The secondary outcome of our paper is that Greek urologists can use ICDQ to evaluate treatment acceptance by patients and the difficulties of modified treatments. New treatment modalities with ISC may produce novel challenges that can be easily recognized and quantified simultaneously. Health professionals can offer alternative solutions like suitable body position, another type of catheter, or a specific pharmacological treatment such as α-adrenoreceptor antagonists or intra-sphincter botulinum toxin injection.16 Finally, frequent ICDQ usage informs health professionals of the effectiveness of therapeutic strategies by comparing the most recent results with those of the initial questionnaire.

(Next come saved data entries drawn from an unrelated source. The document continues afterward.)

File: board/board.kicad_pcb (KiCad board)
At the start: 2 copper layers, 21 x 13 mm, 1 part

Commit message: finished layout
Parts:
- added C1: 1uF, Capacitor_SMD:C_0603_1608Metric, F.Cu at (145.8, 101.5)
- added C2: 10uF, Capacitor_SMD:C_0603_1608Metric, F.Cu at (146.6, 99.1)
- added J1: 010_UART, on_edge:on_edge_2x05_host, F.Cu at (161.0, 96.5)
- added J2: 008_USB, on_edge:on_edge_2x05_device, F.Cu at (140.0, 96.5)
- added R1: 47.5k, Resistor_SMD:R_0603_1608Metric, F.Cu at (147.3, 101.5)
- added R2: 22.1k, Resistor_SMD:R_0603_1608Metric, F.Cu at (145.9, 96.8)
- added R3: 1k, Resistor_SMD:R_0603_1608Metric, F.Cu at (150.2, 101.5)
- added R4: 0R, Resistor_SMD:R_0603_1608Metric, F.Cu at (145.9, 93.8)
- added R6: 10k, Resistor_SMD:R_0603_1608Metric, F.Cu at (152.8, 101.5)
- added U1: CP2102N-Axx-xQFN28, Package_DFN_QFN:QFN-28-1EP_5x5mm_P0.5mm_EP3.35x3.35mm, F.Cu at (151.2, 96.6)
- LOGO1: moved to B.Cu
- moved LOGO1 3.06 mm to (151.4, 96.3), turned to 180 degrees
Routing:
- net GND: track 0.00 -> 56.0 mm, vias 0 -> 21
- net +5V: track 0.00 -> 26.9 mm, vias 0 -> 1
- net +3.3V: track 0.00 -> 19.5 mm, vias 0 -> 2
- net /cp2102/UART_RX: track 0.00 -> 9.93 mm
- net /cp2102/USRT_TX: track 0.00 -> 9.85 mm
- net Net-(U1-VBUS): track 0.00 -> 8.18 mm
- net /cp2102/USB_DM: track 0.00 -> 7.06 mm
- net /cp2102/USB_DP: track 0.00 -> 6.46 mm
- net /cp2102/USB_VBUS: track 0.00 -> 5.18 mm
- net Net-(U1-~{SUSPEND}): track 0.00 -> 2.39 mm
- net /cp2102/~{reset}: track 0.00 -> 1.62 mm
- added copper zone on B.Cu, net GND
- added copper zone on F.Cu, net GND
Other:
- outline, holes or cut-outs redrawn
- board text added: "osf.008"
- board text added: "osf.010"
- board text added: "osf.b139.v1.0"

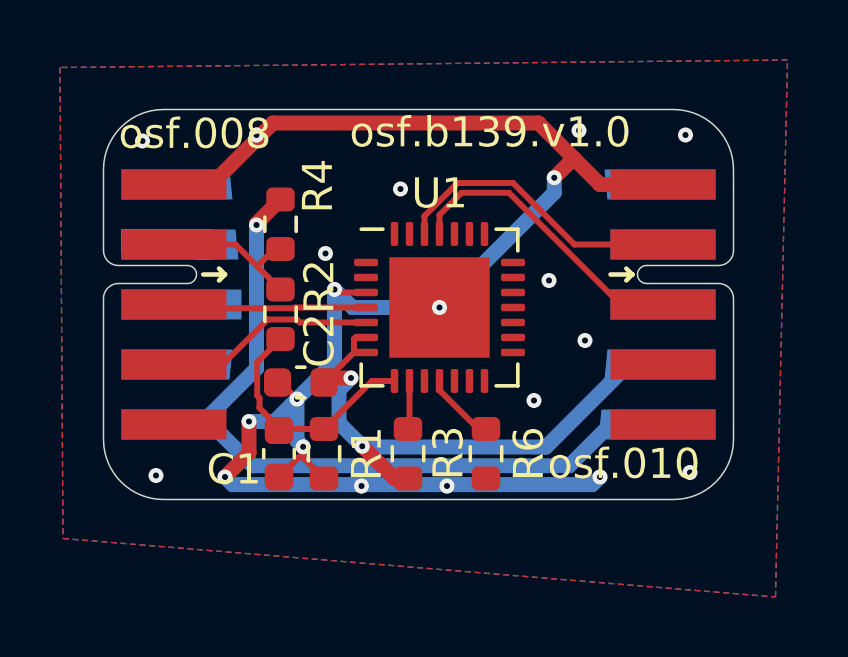
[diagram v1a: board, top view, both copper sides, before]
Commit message: added lcsc numbers
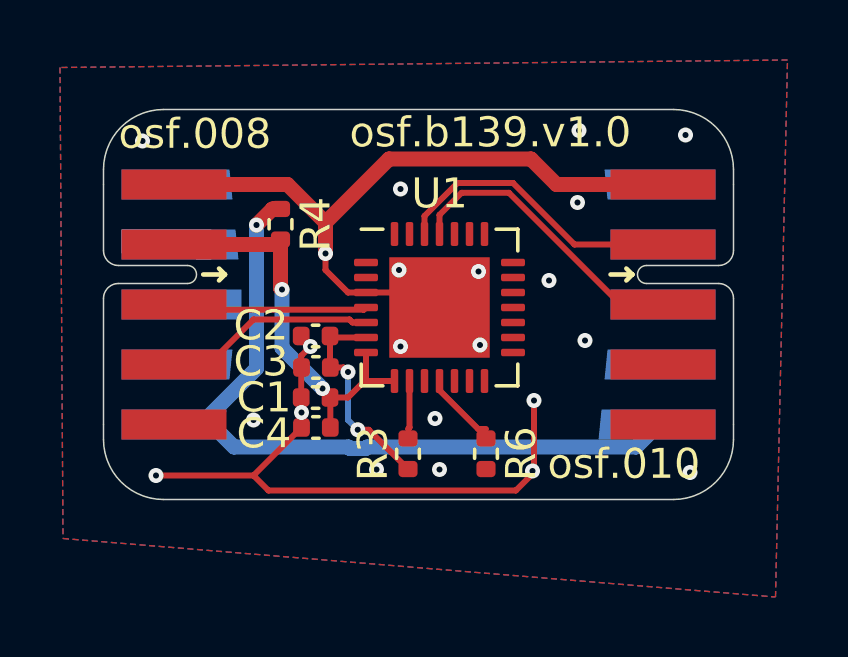
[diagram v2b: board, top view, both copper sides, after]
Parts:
- removed R1: 47.5k, Resistor_SMD:R_0603_1608Metric
- removed R2: 22.1k, Resistor_SMD:R_0603_1608Metric
- added C3: 1uF, Capacitor_SMD:C_0402_1005Metric, F.Cu at (147.1, 98.6)
- added C4: 1uF, Capacitor_SMD:C_0402_1005Metric, F.Cu at (147.1, 100.6)
- C1: value 1uF -> 100nF; footprint Capacitor_SMD:C_0603_1608Metric -> Capacitor_SMD:C_0402_1005Metric
- C2: value 10uF -> 100nF; footprint Capacitor_SMD:C_0603_1608Metric -> Capacitor_SMD:C_0402_1005Metric
- R3: value 1k -> 4.7k; footprint Resistor_SMD:R_0603_1608Metric -> Resistor_SMD:R_0402_1005Metric
- R4, R6: footprint Resistor_SMD:R_0603_1608Metric -> Resistor_SMD:R_0402_1005Metric
- moved C1 2.24 mm to (147.1, 99.6), turned to 180 degrees
- moved C2 1.63 mm to (147.1, 97.5)
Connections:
- C1 pad 1: Net-(U1-VBUS) -> /cp2102/USB_VBUS
- C2 pad 1: +3.3V -> Net-(U1-VDD)
- R3 pad 1: +3.3V -> Net-(U1-VDD)
- U1 pad 6: +3.3V -> Net-(U1-VDD)
- U1 pad 7: +3.3V -> /cp2102/USB_VBUS
- U1 pad 8: Net-(U1-VBUS) -> /cp2102/USB_VBUS
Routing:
- net +3.3V: track 19.5 -> 0.00 mm, vias 2 -> 0
- net GND: track 56.0 -> 45.0 mm, vias 21 -> 22
- net /cp2102/USB_VBUS: track 5.18 -> 13.5 mm, vias 0 -> 2
- net Net-(U1-VBUS): track 8.18 -> 0.00 mm
- net Net-(U1-VDD): track 0.00 -> 7.20 mm, vias 0 -> 2
- net +5V: track 26.9 -> 26.2 mm
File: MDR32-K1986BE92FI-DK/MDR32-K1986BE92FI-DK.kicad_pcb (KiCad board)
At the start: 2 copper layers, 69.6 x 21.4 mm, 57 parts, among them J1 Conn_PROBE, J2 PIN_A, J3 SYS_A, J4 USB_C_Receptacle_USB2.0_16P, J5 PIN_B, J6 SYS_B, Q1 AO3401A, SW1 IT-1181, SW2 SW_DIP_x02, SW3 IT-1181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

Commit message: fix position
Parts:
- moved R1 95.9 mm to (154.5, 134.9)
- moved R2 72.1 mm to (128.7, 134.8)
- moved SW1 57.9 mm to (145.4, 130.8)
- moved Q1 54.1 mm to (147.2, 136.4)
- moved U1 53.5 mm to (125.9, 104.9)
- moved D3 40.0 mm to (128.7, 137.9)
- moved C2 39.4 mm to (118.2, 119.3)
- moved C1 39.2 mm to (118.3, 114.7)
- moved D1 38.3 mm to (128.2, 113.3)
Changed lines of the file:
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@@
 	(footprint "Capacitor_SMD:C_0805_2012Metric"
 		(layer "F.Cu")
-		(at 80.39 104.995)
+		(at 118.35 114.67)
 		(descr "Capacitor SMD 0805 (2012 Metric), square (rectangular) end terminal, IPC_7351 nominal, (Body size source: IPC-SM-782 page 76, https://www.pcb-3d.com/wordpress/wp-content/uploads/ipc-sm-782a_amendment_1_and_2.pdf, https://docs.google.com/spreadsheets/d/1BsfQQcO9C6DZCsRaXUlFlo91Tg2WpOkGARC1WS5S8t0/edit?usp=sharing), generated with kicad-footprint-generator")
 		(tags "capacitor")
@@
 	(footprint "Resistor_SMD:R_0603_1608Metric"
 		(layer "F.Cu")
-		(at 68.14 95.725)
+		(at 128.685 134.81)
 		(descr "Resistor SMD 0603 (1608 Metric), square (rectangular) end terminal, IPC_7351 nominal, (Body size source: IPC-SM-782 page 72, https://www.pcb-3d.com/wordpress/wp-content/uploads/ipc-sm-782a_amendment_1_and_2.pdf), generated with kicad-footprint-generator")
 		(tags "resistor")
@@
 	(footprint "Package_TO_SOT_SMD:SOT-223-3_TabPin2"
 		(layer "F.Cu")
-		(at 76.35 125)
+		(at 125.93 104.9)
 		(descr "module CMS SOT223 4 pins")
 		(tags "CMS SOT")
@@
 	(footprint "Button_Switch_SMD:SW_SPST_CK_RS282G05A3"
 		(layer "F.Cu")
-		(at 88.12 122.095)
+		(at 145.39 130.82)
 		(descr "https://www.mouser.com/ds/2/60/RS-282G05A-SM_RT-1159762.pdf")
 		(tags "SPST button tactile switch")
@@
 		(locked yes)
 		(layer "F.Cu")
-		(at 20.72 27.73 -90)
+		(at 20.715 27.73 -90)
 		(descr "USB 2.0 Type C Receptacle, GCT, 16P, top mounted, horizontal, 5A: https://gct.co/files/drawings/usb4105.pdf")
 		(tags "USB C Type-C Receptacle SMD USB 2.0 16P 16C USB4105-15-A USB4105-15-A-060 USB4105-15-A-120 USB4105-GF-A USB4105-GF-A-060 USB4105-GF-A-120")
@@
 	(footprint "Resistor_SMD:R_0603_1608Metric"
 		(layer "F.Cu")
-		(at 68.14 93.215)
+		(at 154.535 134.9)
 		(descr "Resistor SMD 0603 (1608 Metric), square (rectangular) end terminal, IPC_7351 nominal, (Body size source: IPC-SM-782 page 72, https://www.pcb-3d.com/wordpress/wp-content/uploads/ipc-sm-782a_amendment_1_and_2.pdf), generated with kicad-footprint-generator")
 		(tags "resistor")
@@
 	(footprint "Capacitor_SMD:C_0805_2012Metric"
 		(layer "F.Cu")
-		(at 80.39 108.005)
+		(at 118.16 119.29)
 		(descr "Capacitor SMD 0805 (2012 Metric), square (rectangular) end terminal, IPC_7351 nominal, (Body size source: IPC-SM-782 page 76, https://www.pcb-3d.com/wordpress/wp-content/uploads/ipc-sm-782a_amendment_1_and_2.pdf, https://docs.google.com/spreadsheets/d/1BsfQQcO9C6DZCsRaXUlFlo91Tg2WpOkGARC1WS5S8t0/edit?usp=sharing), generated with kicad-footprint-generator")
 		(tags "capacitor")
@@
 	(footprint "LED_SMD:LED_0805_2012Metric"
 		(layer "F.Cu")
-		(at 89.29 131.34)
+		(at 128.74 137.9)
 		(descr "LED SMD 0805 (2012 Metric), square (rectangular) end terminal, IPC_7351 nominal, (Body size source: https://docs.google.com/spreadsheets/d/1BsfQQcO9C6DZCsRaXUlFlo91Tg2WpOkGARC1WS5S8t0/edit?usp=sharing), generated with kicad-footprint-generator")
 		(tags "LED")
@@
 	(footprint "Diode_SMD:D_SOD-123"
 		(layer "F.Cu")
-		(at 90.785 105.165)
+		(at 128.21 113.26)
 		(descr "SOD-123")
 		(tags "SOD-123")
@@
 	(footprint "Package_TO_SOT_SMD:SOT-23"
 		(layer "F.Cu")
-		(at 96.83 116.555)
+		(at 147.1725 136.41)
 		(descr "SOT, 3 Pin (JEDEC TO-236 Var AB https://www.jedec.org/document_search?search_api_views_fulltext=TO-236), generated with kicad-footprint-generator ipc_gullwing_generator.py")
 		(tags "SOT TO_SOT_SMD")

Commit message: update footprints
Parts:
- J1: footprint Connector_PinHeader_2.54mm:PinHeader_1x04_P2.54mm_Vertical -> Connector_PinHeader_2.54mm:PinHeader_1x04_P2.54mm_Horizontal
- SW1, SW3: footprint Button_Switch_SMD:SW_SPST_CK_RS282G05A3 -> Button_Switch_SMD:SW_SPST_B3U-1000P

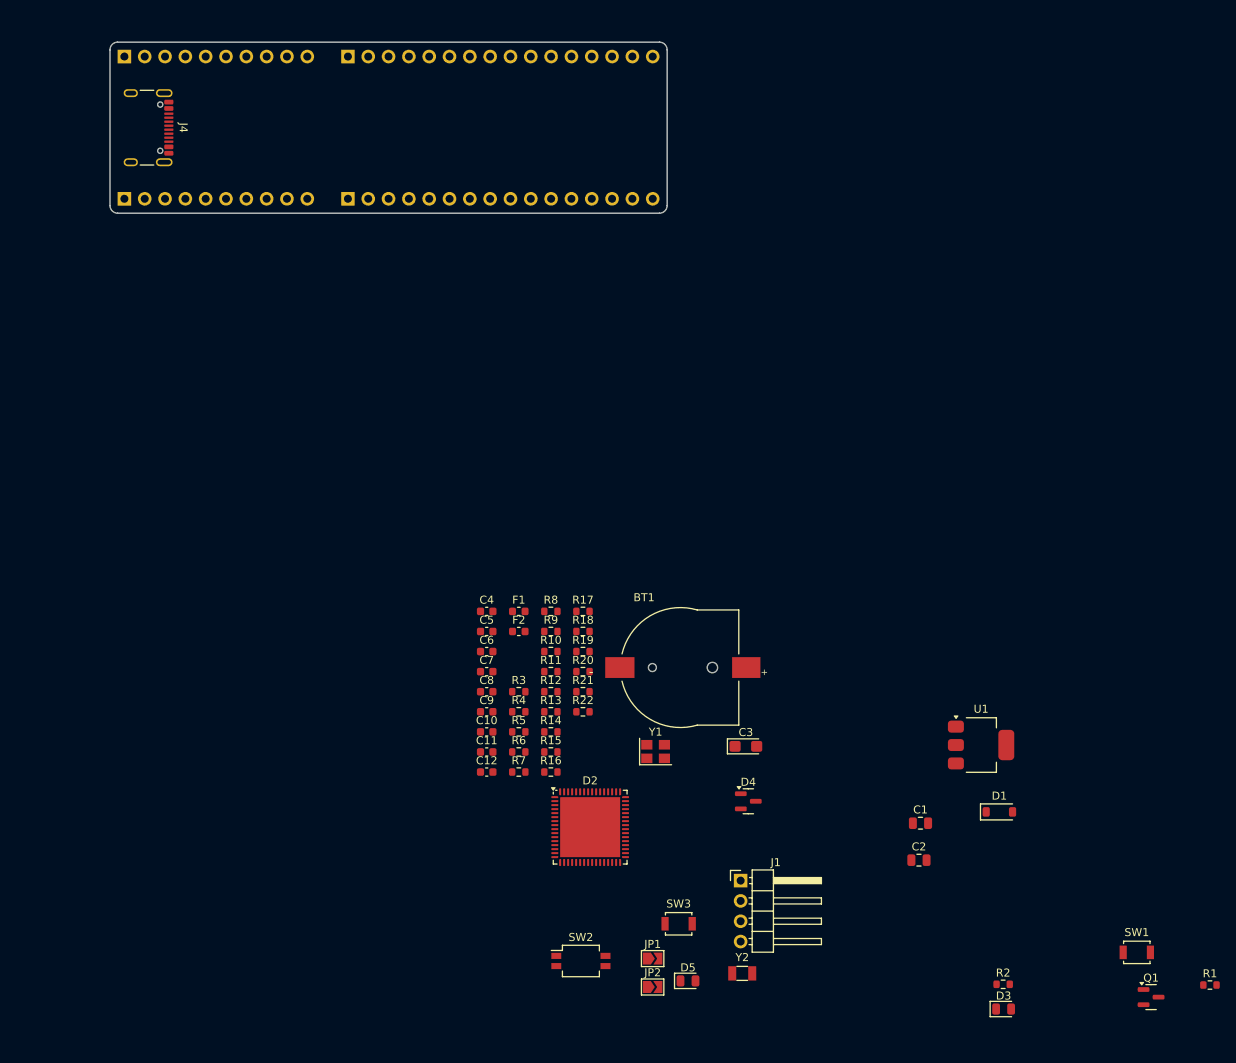
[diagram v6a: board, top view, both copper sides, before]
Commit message: position SW pinout
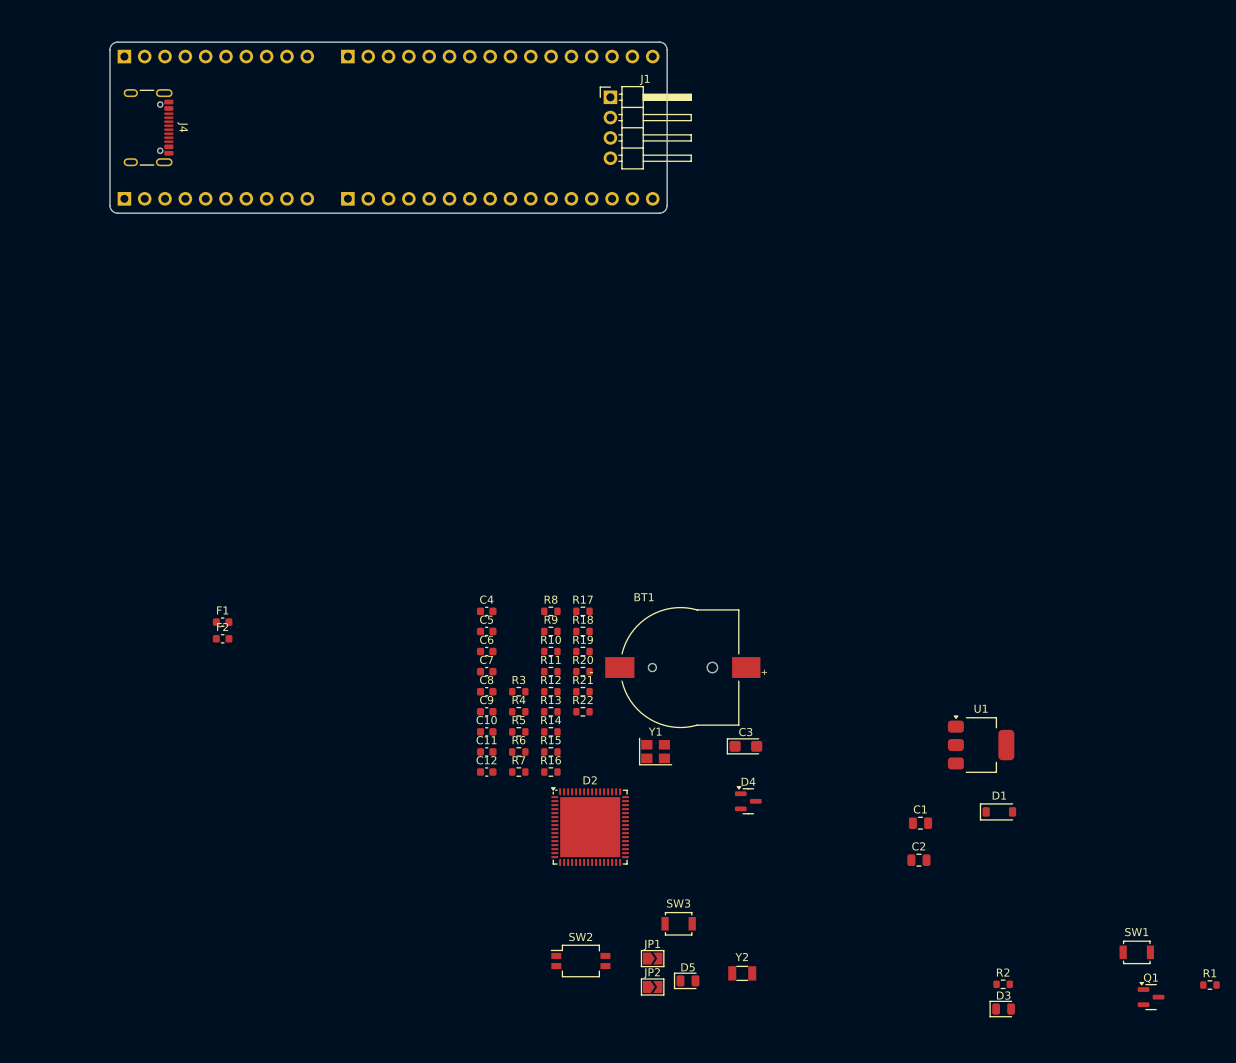
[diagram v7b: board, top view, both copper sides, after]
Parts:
- moved J1 99.3 mm to (79.6, 23.9)
- moved F1 37.0 mm to (31.1, 89.5)
- moved F2 37.0 mm to (31.1, 91.6)
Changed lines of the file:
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@@
 	(footprint "Fuse:Fuse_0603_1608Metric"
 		(layer "F.Cu")
-		(at 68.14 88.195)
+		(at 31.12 89.54)
 		(descr "Fuse SMD 0603 (1608 Metric), square (rectangular) end terminal, IPC_7351 nominal, (Body size source: http://www.tortai-tech.com/upload/download/2011102023233369053.pdf), generated with kicad-footprint-generator")
 		(tags "fuse")
@@
 	(footprint "Fuse:Fuse_0603_1608Metric"
 		(layer "F.Cu")
-		(at 68.14 90.705)
+		(at 31.1225 91.62)
 		(descr "Fuse SMD 0603 (1608 Metric), square (rectangular) end terminal, IPC_7351 nominal, (Body size source: http://www.tortai-tech.com/upload/download/2011102023233369053.pdf), generated with kicad-footprint-generator")
 		(tags "fuse")
@@
 	)
 	(footprint "Connector_PinHeader_2.54mm:PinHeader_1x04_P2.54mm_Horizontal"
+		(locked yes)
 		(layer "F.Cu")
-		(at 95.87 121.845)
+		(at 79.595 23.93)
 		(descr "Through hole angled pin header, 1x04, 2.54mm pitch, 6mm pin length, single row")
 		(tags "Through hole angled pin header THT 1x04 2.54mm single row")

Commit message: part made
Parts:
- C1, C2, D1, D4, U1: moved to B.Cu
- C10, C11, C12, C4, C5, C6, C7, C8, C9: footprint Capacitor_SMD:C_0603_1608Metric -> Capacitor_SMD:C_0402_1005Metric
- D3, D5: footprint LED_SMD:LED_0805_2012Metric -> LED_SMD:LED_0603_1608Metric
- R1, R10, R11, R12, R13, R14, R15, R16, R17, R18, R19, R2, R20, R21, R22, R3, R4, R5, R6, R7, R8, R9: footprint Resistor_SMD:R_0603_1608Metric -> Resistor_SMD:R_0402_1005Metric
- moved R1 158.8 mm to (35.0, 30.3)
- moved Q1 156.6 mm to (34.0, 28.1), turned to 180 degrees
- moved SW1 147.3 mm to (35.8, 32.4)
- moved C1 143.4 mm to (6.76, 24.6), turned to 180 degrees
- moved D3 142.6 mm to (32.6, 32.6), turned to -90 degrees
- moved R2 141.7 mm to (33.0, 30.3)
- moved D1 141.1 mm to (11.5, 34.0)
- moved C2 140.4 mm to (6.74, 33.8), turned to 180 degrees
- moved U1 138.9 mm to (9.46, 29.2)
- moved D5 124.4 mm to (32.6, 23.7), turned to -90 degrees
- moved SW3 115.9 mm to (35.8, 23.8), turned to 180 degrees
- moved SW2 113.4 mm to (29.6, 28.4), turned to -90 degrees
- moved D4 99.0 mm to (27.9, 40.9)
- moved D2 93.2 mm to (44.2, 27.9), turned to -135 degrees
- moved R21 89.5 mm to (26.2, 24.0), turned to 90 degrees
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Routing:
- net /USBDN: track 0.00 -> 3.08 mm
- net /USBDP: track 0.00 -> 2.81 mm

Urinary tract infections (UTIs) are among the most commonly studied CISC complications. UTIs are more common in patients with indwelling catheters than in those performing CISC.17 In the literature, few studies report no significant difference in adjusted incidence rates of UTIs among patients managed with CISC versus indwelling urethral catheters.6

Urethral strictures are one of the challenging side-effects of CISC caused by a complex relationship. The act of repetitive catheterisation may result in inflammation, repeated microtrauma and the formation of secondary urethral strictures.18 According to the literature, the incidence of developing secondary urethral strictures in patients using CISC ranges from 4.2–40%.4,19,20 There are few studies which compare stricture rates in patients using intermittent catheterisation versus other bladder emptying methods, and their findings are inconsistent.18,20 In the same way, studies examining hematuria in patients utilising CISC produce mixed results.19,21–23 Hydrophilic catheters reduce urethral trauma and complications.24 However, the current evidence is limited, especially regarding the optimal catheter type for decreasing urethral complications and urinary tract infections.25 As a result, adopting an international questionnaire like ICDQ that will permit additional research examining these complications and potential interventions to prevent them is essential.

Many studies describe the pain as one of the common difficulties in performing CISC. It is usually related to urethra trauma and bleeding, also known as complications.26 These difficulties in the process cause distress and negatively impact the quality of a patient’s life. Pain is a sensory and unpleasant emotional experience and, generally, is a limiting factor of activities, whatever their type.27 Regarding the prevalence of pain according to gender, one would expect the majority of men, but that is not the case. Women also report pain because they find it difficult to immediately identify the urethral meatus and to advance the catheter in an anatomically oriented manner during the catheterisation.27

This study showed no difference between men and women in mean total ICDQ scores. Our results are supported by other studies, although we could assume that men present more problems with CISC than women due to anatomical differences.28 In the same way, in multiple sclerosis, males do not present differences in the frequency of striated urethral sphincter spasms.28

Conclusion

ICDQ, a valid and reliable self-administered screening tool for patients who experience difficulties with regular CISC use, was successfully translated and validated into Greek. Evaluating and understanding more about the challenges encountered, better CISC utilisations, improved treatment strategies, and more appropriate choice of catheter types are all rendered possible. The improvement of treatment strategies is the result of frequent ICDQ use, with the comparison of results being a measure of treatment effectiveness from which treatment regimens can be modified for suitability.

Abbreviations

CISC, clean intermittent self-catheterization; ICDQ, Intermittent Catheterization Difficulty Questionnaire; SCI, spinal cord injury; MS, multiple sclerosis; CE, cauda equina; ICC, Intraclass Correlation Coefficient; ASIA, American Spinal Injury Association; PP-Test, Pencil and Paper Test; UTI, Urinary tract infections.

Disclosure

The authors report no conflicts of interest in this work.